Ao final da gestão do Prefeito Fernando Haddad, em novembro de 2016, nós da – infelizmente extinta pela gestão atual – Secretaria Municipal de Políticas para as Mulheres (SMPM), em parceria com a Secretaria de Políticas para as Mulheres do governo federal, concluímos a construção da Casa da Mulher Brasileira no Cambuci.
A previsão então era de que a inauguração ocorresse até o final do primeiro semestre de 2017. O Governo Federal garantiu a construção e garantiria compra de equipamentos como móveis, computadores e utensílios domésticos. A prefeitura, naquela época, concordou em fazer a manutenção, o que incluía a compra de insumos de funcionamento e limpeza, contratação de vigilância e transporte e, o mais importante, garantir os recursos humanos necessários.
Porém passados quase três anos da conclusão da construção, a Casa da Mulher Brasileira ainda não foi inaugurada. Houve rumores de que sua gestão será terceirizada – o que nos preocupa – e que seria finalmente inaugurada em março deste ano.

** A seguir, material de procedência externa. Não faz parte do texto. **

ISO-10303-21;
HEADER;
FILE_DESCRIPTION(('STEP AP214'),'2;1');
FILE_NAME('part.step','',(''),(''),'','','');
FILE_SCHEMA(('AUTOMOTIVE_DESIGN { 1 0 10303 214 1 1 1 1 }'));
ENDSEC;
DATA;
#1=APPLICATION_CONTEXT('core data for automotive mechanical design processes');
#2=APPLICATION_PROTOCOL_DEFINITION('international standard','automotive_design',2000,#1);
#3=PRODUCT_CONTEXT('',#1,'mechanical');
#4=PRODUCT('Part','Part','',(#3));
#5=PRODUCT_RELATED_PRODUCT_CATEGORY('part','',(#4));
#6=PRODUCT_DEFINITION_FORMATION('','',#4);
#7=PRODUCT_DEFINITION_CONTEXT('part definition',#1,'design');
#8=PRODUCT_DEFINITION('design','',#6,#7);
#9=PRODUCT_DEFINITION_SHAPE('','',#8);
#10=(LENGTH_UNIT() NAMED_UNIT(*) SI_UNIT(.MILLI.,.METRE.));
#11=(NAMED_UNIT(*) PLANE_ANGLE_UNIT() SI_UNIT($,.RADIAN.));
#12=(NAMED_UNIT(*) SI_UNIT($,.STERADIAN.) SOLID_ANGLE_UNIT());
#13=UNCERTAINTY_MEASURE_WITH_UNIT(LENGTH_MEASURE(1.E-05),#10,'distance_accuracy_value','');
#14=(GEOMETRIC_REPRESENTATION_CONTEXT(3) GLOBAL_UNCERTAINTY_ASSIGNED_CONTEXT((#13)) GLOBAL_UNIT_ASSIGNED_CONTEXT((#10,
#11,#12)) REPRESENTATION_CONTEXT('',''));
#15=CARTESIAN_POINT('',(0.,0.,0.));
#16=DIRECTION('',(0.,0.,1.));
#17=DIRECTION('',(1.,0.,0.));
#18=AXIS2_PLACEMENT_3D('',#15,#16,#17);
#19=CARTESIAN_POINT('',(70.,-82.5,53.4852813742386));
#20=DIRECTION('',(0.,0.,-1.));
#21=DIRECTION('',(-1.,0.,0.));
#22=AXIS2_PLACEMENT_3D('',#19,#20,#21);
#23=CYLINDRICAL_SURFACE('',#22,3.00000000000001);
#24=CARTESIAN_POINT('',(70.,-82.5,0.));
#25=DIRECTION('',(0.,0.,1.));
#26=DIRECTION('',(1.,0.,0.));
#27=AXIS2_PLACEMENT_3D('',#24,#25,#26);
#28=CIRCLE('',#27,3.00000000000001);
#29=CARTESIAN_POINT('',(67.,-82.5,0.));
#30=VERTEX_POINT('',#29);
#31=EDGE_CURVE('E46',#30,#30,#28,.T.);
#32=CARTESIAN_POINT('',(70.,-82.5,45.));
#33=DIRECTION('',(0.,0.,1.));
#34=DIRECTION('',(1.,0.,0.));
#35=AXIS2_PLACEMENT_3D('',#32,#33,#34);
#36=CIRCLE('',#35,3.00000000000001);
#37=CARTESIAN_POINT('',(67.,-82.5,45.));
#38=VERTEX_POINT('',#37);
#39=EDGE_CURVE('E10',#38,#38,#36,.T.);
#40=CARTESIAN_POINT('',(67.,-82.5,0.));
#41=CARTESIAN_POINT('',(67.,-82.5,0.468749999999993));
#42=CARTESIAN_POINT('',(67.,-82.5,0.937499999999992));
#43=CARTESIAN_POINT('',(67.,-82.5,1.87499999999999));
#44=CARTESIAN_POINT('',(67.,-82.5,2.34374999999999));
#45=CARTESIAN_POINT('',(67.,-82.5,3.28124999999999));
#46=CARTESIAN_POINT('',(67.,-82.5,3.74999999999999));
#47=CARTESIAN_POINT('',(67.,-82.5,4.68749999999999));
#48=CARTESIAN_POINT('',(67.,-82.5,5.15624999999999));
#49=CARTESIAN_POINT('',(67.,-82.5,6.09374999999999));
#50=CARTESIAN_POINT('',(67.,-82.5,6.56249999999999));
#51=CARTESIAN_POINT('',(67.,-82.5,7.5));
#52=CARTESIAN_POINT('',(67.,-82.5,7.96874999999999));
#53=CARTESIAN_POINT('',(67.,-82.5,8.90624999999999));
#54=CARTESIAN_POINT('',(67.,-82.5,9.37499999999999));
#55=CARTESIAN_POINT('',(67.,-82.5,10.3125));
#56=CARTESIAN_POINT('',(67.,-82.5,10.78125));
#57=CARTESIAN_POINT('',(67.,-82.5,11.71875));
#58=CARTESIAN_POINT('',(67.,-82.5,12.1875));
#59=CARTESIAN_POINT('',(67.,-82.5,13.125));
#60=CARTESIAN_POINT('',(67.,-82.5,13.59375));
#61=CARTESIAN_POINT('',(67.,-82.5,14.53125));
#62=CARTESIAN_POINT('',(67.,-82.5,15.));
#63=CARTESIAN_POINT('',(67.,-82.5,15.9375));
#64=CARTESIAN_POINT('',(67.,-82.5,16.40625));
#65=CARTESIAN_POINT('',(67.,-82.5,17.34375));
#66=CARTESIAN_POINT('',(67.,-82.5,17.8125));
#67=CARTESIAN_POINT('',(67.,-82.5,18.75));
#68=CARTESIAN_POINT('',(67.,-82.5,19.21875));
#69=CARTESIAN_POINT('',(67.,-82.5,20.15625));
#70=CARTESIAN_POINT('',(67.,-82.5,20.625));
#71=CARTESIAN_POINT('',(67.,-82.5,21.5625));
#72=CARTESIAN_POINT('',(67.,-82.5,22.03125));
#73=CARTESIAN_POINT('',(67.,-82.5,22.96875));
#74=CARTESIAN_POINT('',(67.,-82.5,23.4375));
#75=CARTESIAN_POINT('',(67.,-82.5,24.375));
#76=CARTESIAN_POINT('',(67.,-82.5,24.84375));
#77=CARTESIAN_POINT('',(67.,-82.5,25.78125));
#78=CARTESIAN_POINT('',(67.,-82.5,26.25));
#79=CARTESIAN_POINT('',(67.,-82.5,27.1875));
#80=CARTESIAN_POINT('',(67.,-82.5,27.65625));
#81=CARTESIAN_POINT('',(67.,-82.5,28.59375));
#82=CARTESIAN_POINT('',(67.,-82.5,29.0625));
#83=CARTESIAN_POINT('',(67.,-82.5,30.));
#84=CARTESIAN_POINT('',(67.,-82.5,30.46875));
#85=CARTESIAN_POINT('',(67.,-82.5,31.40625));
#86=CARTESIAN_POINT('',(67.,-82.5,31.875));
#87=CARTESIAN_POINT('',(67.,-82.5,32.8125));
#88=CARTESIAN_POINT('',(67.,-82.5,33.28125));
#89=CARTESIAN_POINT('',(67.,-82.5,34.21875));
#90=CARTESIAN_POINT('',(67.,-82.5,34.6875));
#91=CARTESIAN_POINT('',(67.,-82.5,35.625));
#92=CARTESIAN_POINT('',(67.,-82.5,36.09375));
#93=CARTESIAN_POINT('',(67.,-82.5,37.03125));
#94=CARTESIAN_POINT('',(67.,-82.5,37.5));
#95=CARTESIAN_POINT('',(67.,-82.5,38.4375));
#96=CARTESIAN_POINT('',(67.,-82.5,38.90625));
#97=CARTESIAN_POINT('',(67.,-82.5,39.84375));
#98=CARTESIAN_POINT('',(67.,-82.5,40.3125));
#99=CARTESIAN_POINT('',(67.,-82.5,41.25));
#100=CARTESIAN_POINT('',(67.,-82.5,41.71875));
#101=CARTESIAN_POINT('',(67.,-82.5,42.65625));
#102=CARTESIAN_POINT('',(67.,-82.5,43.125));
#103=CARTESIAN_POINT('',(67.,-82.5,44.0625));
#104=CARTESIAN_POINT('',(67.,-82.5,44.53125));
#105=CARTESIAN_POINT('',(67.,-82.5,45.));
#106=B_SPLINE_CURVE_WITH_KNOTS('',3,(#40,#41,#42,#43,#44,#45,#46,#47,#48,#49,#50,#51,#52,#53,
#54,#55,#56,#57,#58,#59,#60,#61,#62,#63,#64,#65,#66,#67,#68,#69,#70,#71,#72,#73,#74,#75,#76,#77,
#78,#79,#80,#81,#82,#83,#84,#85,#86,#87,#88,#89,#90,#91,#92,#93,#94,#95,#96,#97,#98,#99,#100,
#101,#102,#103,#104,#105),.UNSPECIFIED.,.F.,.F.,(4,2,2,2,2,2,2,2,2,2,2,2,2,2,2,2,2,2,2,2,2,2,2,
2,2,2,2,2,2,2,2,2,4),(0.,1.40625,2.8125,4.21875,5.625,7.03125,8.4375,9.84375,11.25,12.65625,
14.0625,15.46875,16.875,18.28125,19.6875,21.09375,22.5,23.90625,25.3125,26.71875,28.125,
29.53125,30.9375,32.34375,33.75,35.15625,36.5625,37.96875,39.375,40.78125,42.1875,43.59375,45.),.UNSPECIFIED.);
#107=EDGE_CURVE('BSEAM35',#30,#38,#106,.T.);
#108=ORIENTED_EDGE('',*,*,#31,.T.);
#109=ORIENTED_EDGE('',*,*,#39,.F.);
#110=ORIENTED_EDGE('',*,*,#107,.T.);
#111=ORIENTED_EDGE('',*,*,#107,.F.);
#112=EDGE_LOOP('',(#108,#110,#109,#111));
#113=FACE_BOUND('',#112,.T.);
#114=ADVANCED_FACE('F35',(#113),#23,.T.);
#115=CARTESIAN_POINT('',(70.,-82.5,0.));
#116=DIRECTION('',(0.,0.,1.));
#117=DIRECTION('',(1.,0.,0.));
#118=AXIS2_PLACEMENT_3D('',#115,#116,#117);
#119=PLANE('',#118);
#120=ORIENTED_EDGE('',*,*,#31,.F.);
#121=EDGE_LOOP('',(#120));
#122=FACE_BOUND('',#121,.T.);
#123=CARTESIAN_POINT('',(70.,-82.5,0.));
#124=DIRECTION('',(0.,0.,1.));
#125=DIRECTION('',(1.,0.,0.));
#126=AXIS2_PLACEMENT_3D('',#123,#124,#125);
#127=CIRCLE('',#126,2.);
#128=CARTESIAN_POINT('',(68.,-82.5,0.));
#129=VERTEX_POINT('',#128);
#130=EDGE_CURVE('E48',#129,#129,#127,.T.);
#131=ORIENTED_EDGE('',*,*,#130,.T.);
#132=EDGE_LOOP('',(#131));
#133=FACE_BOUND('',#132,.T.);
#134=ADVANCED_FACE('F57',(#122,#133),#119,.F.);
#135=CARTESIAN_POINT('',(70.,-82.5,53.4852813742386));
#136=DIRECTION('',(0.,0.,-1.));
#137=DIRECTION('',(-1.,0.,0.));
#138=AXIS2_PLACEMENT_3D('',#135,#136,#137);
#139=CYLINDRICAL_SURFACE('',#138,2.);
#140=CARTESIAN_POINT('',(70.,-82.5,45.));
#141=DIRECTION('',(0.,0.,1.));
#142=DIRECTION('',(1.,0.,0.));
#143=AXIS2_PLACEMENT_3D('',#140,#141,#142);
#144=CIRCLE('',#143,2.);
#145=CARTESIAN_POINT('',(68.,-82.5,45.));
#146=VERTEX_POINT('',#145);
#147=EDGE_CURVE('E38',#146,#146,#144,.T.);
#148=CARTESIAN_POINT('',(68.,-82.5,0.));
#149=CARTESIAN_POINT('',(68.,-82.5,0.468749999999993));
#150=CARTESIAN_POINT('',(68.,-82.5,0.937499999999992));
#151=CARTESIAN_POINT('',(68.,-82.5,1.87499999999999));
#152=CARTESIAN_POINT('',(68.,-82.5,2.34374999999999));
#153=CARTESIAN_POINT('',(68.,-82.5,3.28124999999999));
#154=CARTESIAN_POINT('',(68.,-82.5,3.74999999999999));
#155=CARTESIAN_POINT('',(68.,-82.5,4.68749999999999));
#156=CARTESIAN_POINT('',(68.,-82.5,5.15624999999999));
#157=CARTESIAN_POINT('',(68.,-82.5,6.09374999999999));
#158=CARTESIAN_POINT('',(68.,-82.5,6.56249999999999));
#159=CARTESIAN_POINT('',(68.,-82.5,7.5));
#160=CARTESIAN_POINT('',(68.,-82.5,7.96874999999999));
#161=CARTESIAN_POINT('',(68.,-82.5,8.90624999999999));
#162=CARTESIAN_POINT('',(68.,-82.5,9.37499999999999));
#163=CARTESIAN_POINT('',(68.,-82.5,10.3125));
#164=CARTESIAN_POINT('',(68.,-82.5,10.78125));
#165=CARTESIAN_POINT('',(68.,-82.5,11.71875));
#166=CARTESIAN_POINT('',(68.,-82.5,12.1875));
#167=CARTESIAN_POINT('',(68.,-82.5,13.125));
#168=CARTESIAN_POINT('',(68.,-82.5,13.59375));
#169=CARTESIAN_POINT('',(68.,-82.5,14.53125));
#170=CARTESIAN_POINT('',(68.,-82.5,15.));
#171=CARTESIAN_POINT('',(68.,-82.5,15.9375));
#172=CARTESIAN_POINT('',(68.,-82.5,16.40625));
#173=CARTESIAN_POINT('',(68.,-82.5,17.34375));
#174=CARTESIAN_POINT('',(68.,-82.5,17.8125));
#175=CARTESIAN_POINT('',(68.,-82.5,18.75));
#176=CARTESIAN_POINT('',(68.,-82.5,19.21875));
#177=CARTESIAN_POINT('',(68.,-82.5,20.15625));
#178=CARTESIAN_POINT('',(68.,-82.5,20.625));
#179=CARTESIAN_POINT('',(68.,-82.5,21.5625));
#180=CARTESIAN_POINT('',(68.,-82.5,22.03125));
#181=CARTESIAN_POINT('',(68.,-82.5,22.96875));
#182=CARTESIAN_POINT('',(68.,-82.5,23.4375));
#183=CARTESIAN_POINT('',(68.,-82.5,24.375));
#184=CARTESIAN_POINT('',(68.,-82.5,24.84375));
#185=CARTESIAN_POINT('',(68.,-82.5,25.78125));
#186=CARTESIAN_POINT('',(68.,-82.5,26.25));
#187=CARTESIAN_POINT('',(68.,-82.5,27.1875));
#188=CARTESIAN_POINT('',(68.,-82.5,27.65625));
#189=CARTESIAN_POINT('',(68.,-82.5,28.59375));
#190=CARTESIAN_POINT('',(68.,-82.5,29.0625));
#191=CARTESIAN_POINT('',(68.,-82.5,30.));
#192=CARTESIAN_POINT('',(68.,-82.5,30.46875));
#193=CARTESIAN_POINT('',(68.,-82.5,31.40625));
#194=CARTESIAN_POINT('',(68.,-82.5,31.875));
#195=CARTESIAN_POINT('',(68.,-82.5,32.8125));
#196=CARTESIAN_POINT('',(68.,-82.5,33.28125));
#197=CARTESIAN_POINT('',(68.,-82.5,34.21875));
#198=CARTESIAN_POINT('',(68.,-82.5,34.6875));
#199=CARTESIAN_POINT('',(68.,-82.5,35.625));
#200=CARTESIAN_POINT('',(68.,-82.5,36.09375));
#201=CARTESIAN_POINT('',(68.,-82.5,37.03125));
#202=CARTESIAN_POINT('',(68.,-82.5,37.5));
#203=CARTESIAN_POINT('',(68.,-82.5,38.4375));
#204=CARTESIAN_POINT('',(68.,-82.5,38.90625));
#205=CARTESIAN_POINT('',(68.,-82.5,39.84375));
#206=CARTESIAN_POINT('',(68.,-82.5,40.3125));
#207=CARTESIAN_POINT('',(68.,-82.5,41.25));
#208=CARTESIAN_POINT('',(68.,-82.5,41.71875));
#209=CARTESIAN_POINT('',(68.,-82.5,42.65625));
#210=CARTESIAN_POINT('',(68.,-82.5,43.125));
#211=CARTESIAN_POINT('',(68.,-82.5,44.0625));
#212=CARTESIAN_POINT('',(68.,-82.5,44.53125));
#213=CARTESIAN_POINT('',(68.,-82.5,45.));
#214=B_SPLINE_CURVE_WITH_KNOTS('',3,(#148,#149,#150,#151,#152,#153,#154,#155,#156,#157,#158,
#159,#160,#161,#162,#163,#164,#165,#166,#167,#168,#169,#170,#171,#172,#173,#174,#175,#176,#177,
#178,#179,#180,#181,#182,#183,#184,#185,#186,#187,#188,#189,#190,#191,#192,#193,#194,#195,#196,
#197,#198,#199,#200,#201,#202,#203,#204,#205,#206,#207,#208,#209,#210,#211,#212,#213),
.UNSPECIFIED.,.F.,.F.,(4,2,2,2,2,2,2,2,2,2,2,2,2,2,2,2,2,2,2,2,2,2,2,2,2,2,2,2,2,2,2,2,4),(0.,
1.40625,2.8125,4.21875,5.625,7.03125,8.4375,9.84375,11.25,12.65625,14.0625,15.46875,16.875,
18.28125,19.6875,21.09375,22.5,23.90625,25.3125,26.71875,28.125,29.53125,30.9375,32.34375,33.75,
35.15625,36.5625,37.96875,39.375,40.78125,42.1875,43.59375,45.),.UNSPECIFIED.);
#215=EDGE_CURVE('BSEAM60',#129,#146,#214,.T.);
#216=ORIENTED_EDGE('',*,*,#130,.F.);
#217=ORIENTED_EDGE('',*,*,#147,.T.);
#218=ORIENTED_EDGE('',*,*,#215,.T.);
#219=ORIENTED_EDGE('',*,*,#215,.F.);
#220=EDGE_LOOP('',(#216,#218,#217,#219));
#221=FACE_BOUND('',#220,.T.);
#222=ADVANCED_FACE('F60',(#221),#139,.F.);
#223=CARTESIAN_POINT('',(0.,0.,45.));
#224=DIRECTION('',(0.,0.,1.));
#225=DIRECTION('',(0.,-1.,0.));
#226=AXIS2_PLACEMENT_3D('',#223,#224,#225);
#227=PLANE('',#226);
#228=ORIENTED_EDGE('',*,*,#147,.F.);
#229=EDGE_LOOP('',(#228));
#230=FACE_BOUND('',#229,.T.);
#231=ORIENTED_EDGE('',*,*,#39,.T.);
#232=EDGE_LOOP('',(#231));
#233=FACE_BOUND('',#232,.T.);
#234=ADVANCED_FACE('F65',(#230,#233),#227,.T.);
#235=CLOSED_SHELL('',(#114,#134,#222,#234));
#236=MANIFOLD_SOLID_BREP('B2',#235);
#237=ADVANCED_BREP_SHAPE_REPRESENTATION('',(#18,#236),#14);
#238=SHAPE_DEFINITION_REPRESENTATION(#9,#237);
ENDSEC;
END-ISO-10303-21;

Depois, a previsão passou para agosto e, agora, para outubro. Será?
Em um cenário de aumento da violência contra as mulheres, vemos a cidade de São Paulo na contramão: temos observado o fechamento e/ou enfraquecimento de serviços, tais como o Centro de Referência da Mulher de São Miguel Paulista que foi fechado, assim como de diversos outros serviços conveniados. Pesam também na atual conjuntura as tentativas de censurar e recolher materiais didáticos que ajudam a prevenir futuras violências, educando e formando meninos e meninas para o respeito mútuo às diferenças e à diversidade, as quais contribuiriam para uma sociedade com maior igualdade de gênero, justa e inclusiva.
A Organização das Nações Unidas (ONU) recomenda todo empenho na prevenção da violência de gênero para que ela não ocorra, mas quando ocorrer, preconiza que serviços especializados são essenciais no atendimento de meninas e mulheres para acolhimento, defesa de seus direitos e também para a punição judicial dos agressores.
Concluo afirmando que serviços do porte da Casa da Mulher Brasileira contribuem efetivamente para a consolidação e fortalecimento da Lei Maria da Penha, e mais do que isso: fazem a diferença entre a vida e a morte de muitas mulheres. A Casa da Mulher Brasileira de São Paulo precisa ser inaugurada, sem mais delongas.